David Flynn11 June 2008, 10:19 PM
RIM’s latest push involves a free single-user license for BlackBerry server software that plugs into your existing Exchange system.
Still got your Blackberry users hanging off Internet-based email accounts? Blackberry's maker RIM is offering a free single-user license for BlackBerry server software for Exchange.
The SMB market is hot to trot, says the company behind the iconic BlackBerry, but there’s more to be done to bring many of the device’s enterprise-level benefits down to smaller companies.
“There’s been a significant level of growth in our SMB segment within Australia over the last 18 months” says Greg Wade, vice-president for customer accounts in RIM’s Asia-Pacific region. “The carriers are recognising that the opportunity is ripe, and so we’re seeing the emergence of offers targetted at the SMB space”.
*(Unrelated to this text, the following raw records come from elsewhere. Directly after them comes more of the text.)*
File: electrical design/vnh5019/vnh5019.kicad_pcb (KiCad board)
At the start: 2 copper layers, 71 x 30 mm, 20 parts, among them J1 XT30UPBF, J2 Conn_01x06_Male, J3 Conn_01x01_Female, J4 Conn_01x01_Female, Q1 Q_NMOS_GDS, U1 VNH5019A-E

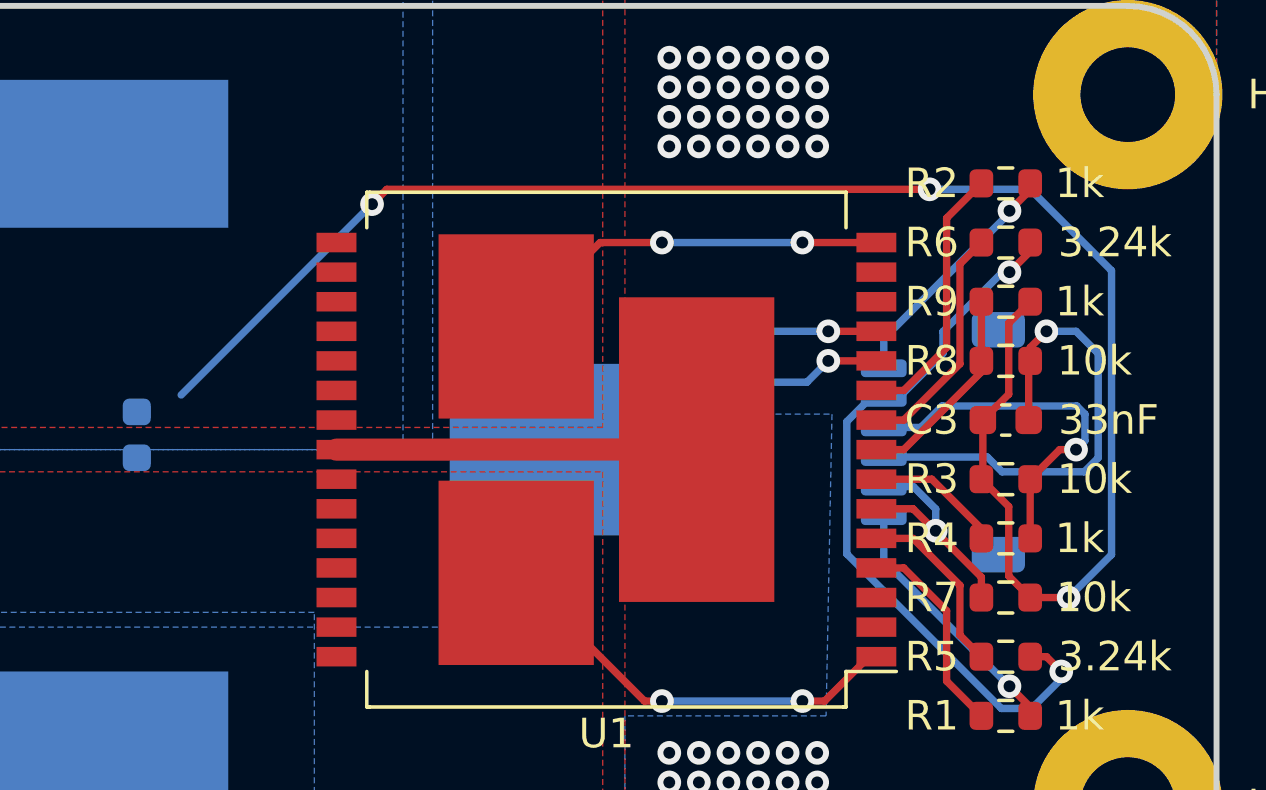
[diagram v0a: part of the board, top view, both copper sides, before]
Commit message: change driver output connector to 5 pins
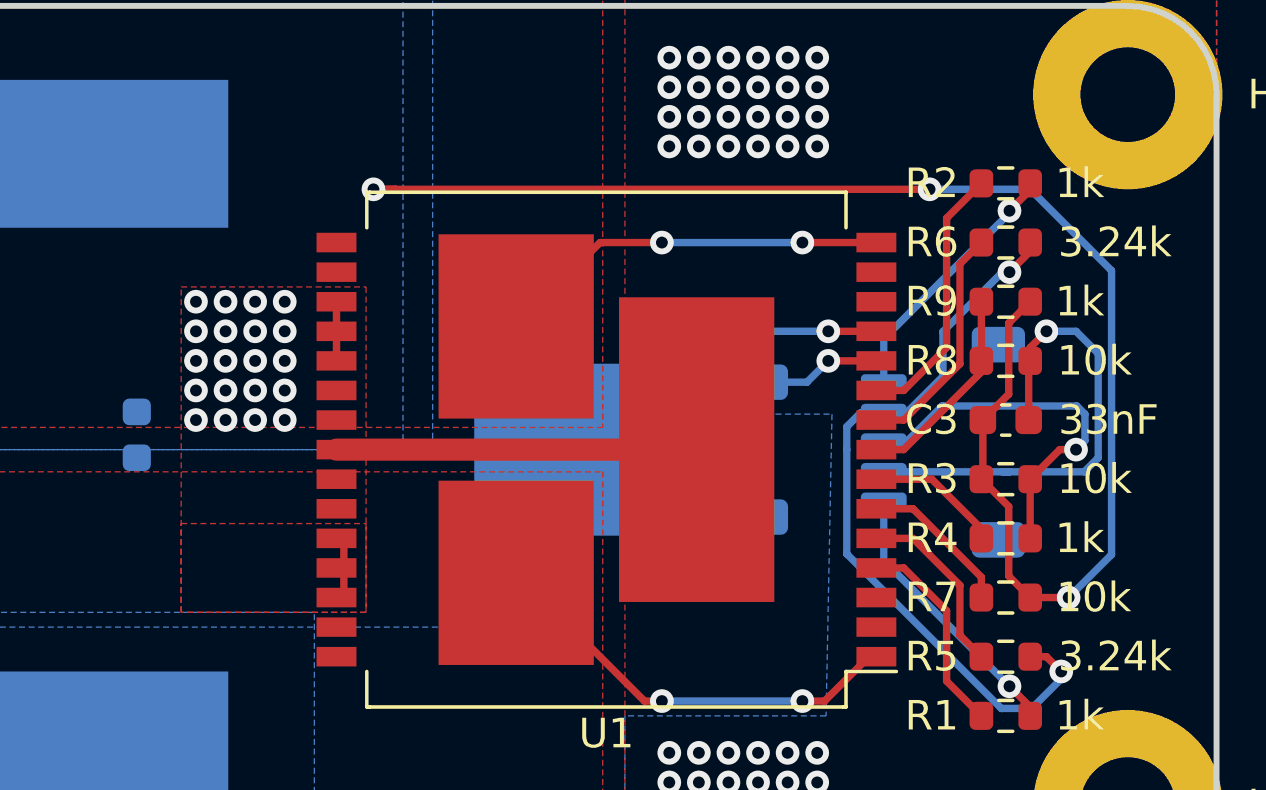
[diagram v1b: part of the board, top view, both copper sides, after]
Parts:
- J2: value Conn_01x06_Male -> SH1.0 5P; footprint Connector_JST:JST_SH_SM06B-SRSS-TB_1x06-1MP_P1.00mm_Horizontal -> Connector_JST:JST_SH_SM05B-SRSS-TB_1x05-1MP_P1.00mm_Horizontal
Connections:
- net +3V3 renamed /EN
- J2 pad 5: /CS_DIS -> /INA
- R7 pad 2: /CS_DIS -> Net-(U1-CS_DIS)
- U1 pad 6: /CS_DIS -> Net-(U1-CS_DIS)
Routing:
- net /CS_DIS: track 8.00 -> 0.00 mm, vias 1 -> 0
- net Net-(U1-CS_DIS): track 0.00 -> 5.20 mm
- net GND: track 59.8 -> 54.7 mm, vias 3 -> 23
- net /INB: track 8.30 -> 8.80 mm
- net /INA: track 8.80 -> 9.30 mm
- added copper zone on F.Cu, net GND
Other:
- board text added: "+12V"
- board text removed: "12V"

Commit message: update pcbs and mech drawings
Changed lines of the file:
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@@
     (polygon
       (pts
-        (xy 116.8 114)
+        (xy 117 114)
         (xy 110 114)
         (xy 110 120.6)

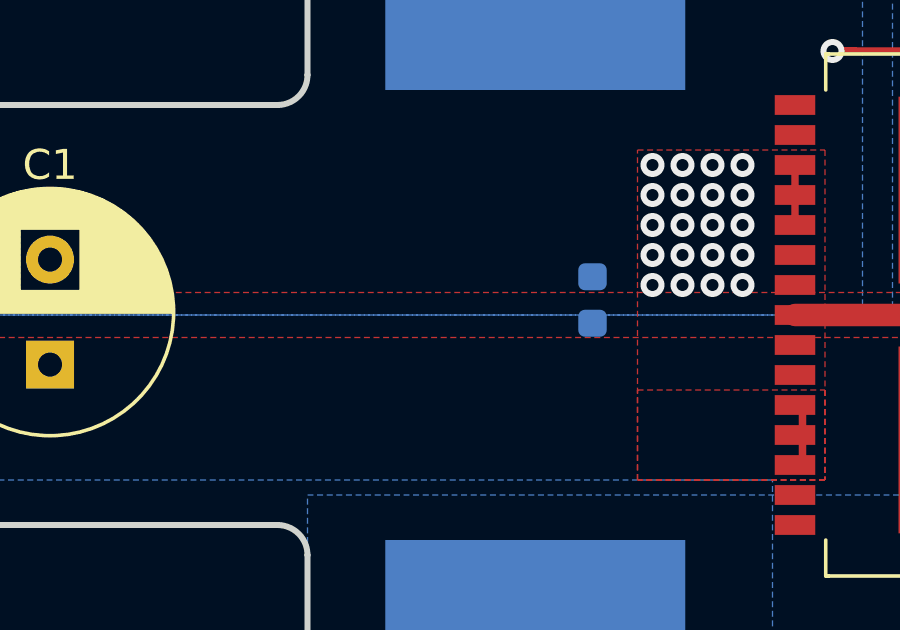
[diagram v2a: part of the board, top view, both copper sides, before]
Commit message: add indicator leds to driver pcb
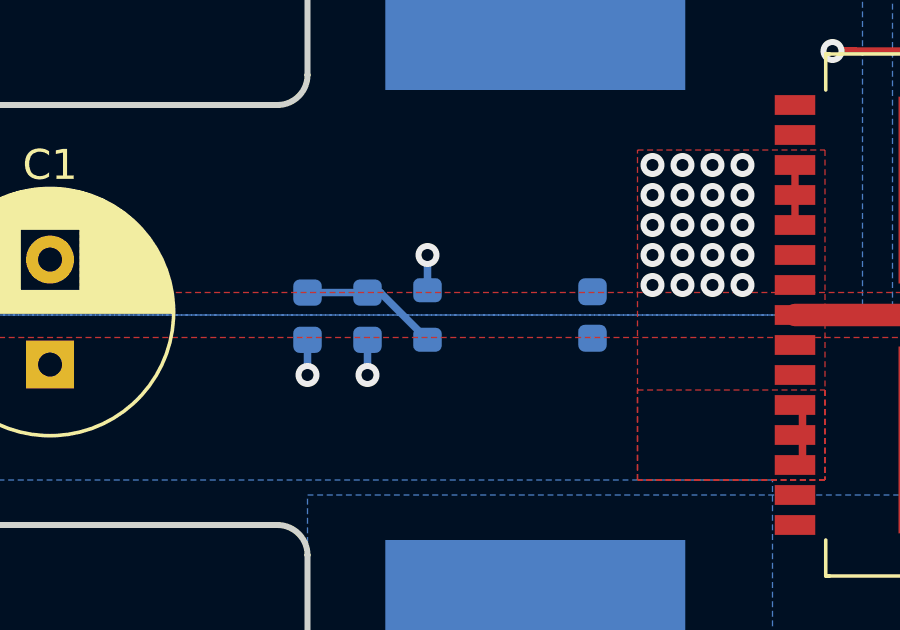
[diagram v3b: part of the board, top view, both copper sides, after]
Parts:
- added D1: G, Diode_SMD:D_0603_1608Metric, B.Cu at (84.0, 105.0)
- added D2: R, Diode_SMD:D_0603_1608Metric, B.Cu at (86.0, 105.0)
- added R10: 4.7k, Resistor_SMD:R_0603_1608Metric, B.Cu at (88.0, 105.0)
- moved C2 0.50 mm to (93.5, 105.0)
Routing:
- net Net-(D1-K): track 0.00 -> 4.65 mm
- net /OUTA: track 14.6 -> 16.9 mm, vias 2 -> 4
- net /OUTB: track 13.3 -> 14.5 mm, vias 2 -> 3

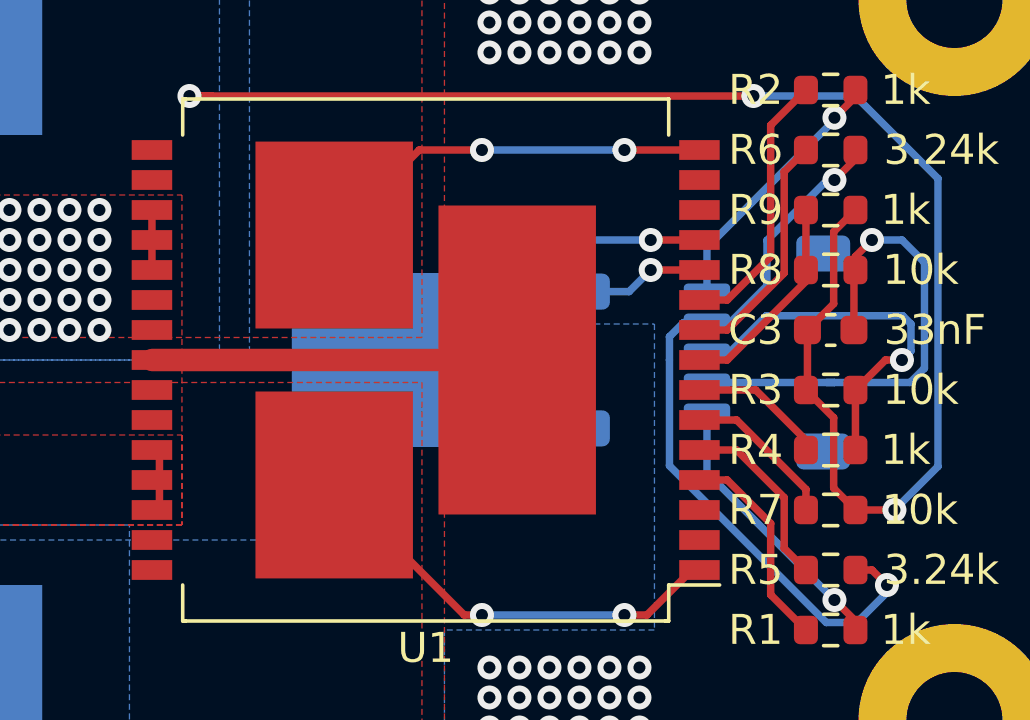
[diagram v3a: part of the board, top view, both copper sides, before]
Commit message: add jlc order number silkscreen
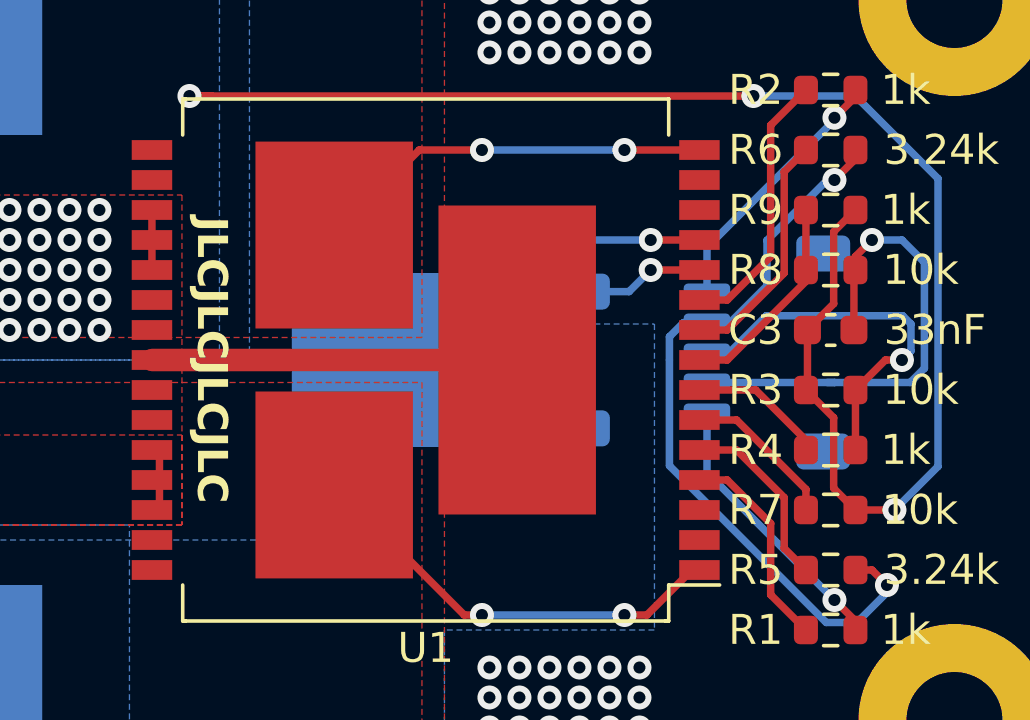
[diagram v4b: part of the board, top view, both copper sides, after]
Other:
- board text added: "JLCJLCJLCJLC"
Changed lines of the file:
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@@
       (plot_on_all_layers_selection 0x0000000_00000000)
       (disableapertmacros false)
-      (usegerberextensions false)
-      (usegerberattributes true)
-      (usegerberadvancedattributes true)
-      (creategerberjobfile true)
+      (usegerberextensions true)
+      (usegerberattributes false)
+      (usegerberadvancedattributes false)
+      (creategerberjobfile false)
       (dashed_line_dash_ratio 12.000000)
       (dashed_line_gap_ratio 3.000000)
@@
       (plotinvisibletext false)
       (sketchpadsonfab false)
-      (subtractmaskfromsilk false)
+      (subtractmaskfromsilk true)
       (outputformat 1)
       (mirror false)
-      (drillshape 1)
+      (drillshape 0)
       (scaleselection 1)
-      (outputdirectory "")
+      (outputdirectory "fabrication")
     )
   )
@@
     (fp_line (start 4.11 2.7) (end 4.11 -2.7)
       (stroke (width 0.1) (type solid)) (layer "B.Fab"))
-    (pad "1" smd roundrect (at -5.04 2.28 180) (size 2.2 1.2) (layers "B.Cu" "B.Paste" "B.Mask") (roundrect_rratio 0.208333)
+    (pad "1" smd roundrect (at -5.04 2.28 180) (size 2.2 1.2) (layers "B.Cu" "B.Paste" "B.Mask") (roundrect_rratio 0.2083333333)
       (net 17 "/CP") (pinfunction "G") (pintype "input"))
-    (pad "2" smd roundrect (at -0.415 -1.525 180) (size 3.05 2.75) (layers "B.Cu" "B.Paste") (roundrect_rratio 0.090909)
+    (pad "2" smd roundrect (at -0.415 -1.525 180) (size 3.05 2.75) (layers "B.Cu" "B.Paste") (roundrect_rratio 0.09090909091)
       (net 1 "Net-(Q1-D)") (pinfunction "D") (pintype "passive"))
-    (pad "2" smd roundrect (at -0.415 1.525 180) (size 3.05 2.75) (layers "B.Cu" "B.Paste") (roundrect_rratio 0.090909)
+    (pad "2" smd roundrect (at -0.415 1.525 180) (size 3.05 2.75) (layers "B.Cu" "B.Paste") (roundrect_rratio 0.09090909091)
       (net 1 "Net-(Q1-D)") (pinfunction "D") (pintype "passive"))
-    (pad "2" smd roundrect (at 1.26 0 180) (size 6.4 5.8) (layers "B.Cu" "B.Mask") (roundrect_rratio 0.043103)
+    (pad "2" smd roundrect (at 1.26 0 180) (size 6.4 5.8) (layers "B.Cu" "B.Mask") (roundrect_rratio 0.04310293103)
       (net 1 "Net-(Q1-D)") (pinfunction "D") (pintype "passive"))
-    (pad "2" smd roundrect (at 2.935 -1.525 180) (size 3.05 2.75) (layers "B.Cu" "B.Paste") (roundrect_rratio 0.090909)
+    (pad "2" smd roundrect (at 2.935 -1.525 180) (size 3.05 2.75) (layers "B.Cu" "B.Paste") (roundrect_rratio 0.09090909091)
       (net 1 "Net-(Q1-D)") (pinfunction "D") (pintype "passive"))
-    (pad "2" smd roundrect (at 2.935 1.525 180) (size 3.05 2.75) (layers "B.Cu" "B.Paste") (roundrect_rratio 0.090909)
+    (pad "2" smd roundrect (at 2.935 1.525 180) (size 3.05 2.75) (layers "B.Cu" "B.Paste") (roundrect_rratio 0.09090909091)
       (net 1 "Net-(Q1-D)") (pinfunction "D") (pintype "passive"))
-    (pad "3" smd roundrect (at -5.04 -2.28 180) (size 2.2 1.2) (layers "B.Cu" "B.Paste" "B.Mask") (roundrect_rratio 0.208333)
+    (pad "3" smd roundrect (at -5.04 -2.28 180) (size 2.2 1.2) (layers "B.Cu" "B.Paste" "B.Mask") (roundrect_rratio 0.2083333333)
       (net 18 "+12V") (pinfunction "S") (pintype "passive"))
     (model "${KICAD6_3DMODEL_DIR}/Package_TO_SOT_SMD.3dshapes/TO-252-2.wrl"
@@
     (pad "5" smd roundrect (at 2 2 270) (size 0.6 1.55) (layers "B.Cu" "B.Paste" "B.Mask") (roundrect_rratio 0.25)
       (net 4 "/INA") (pinfunction "Pin_5") (pintype "passive"))
-    (pad "MP" smd roundrect (at -3.3 -1.875 270) (size 1.2 1.8) (layers "B.Cu" "B.Paste" "B.Mask") (roundrect_rratio 0.208333))
-    (pad "MP" smd roundrect (at 3.3 -1.875 270) (size 1.2 1.8) (layers "B.Cu" "B.Paste" "B.Mask") (roundrect_rratio 0.208333))
+    (pad "MP" smd roundrect (at -3.3 -1.875 270) (size 1.2 1.8) (layers "B.Cu" "B.Paste" "B.Mask") (roundrect_rratio 0.2083333333))
+    (pad "MP" smd roundrect (at 3.3 -1.875 270) (size 1.2 1.8) (layers "B.Cu" "B.Paste" "B.Mask") (roundrect_rratio 0.2083333333))
     (model "${KICAD6_3DMODEL_DIR}/Connector_JST.3dshapes/JST_SH_SM05B-SRSS-TB_1x05-1MP_P1.00mm_Horizontal.step"
       (offset (xyz 0 1 0))
@@
         (effects (font (size 1 1) (thickness 0.15)) (justify mirror))
     )
-    (fp_text value "1µf" (at 0 -1.43 90) (layer "B.SilkS")
+    (fp_text value "1µf" (at 0 -1.75 90) (layer "B.SilkS")
         (effects (font (size 1 1) (thickness 0.15)) (justify mirror))
     )
@@
     (effects (font (size 1.5 1.5) (thickness 0.3)) (justify mirror))
   )
+  (gr_text "JLCJLCJLCJLC" (at 102.25 105 270) (layer "F.SilkS")
+    (effects (font (size 1 1) (thickness 0.2) bold))
+  )
   (segment (start 112.425 105) (end 100.25 105) (width 0.75) (layer "F.Cu") (net 1))

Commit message: finalise pcbs for production
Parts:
- added G***: LOGO, LOGO, F.Cu at (89.4, 103.9)
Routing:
- net /OUTB: track 14.5 -> 15.8 mm
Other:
- board text added: "ducc."

One of these is 3’s offer of free BlackBerry Professional Server software for any customer buying more than five handsets from the carrier. However, RIM is also working to help existing SMB users upgrade from an Internet-based mail experience (which uses the carrier-provided BlackBerry Internet Service to check POP3 and IMAP accounts) to their own company server-based system. The bait is BlackBerry Professional Software Express – a free single-user version of the BPS package. The software can be downloaded free from
www.blackberry.com/select/professional/express.shtml without any limit to the program’s operating time or functionality.
“If you’re on the BlackBerry Internet Service and are interested in taking a look at BPS for your business you’ll still want to try it out first” Wade says. “BPS Express provides you with capability of getting the full-blown BlackBerry experience, only the number of client access licences is limited to one”. BPS provides synchronised email, calendar, contacts, notes and tasks but runs on an existing Microsoft Exchange or Lotus Domino server.
RIM is also encouraging customers to see their BlackBerry as more than just an email and scheduling device. “Our experience is that once you have a BlackBerry in your hands and you gain that BlackBerry experience in terms of connectivity, productivity and access to information, you keep asking ‘what more can I do with this platform’?” Wade explains. The company’s ‘Built for BlackBerry’ software library (builtforblackberry.com) provides a way for customers to explore what else the BlackBerry can do, with hundreds of third-party programs spanning six categories from news, travel and weather to navigation and mapping, with some games thrown in for good measure.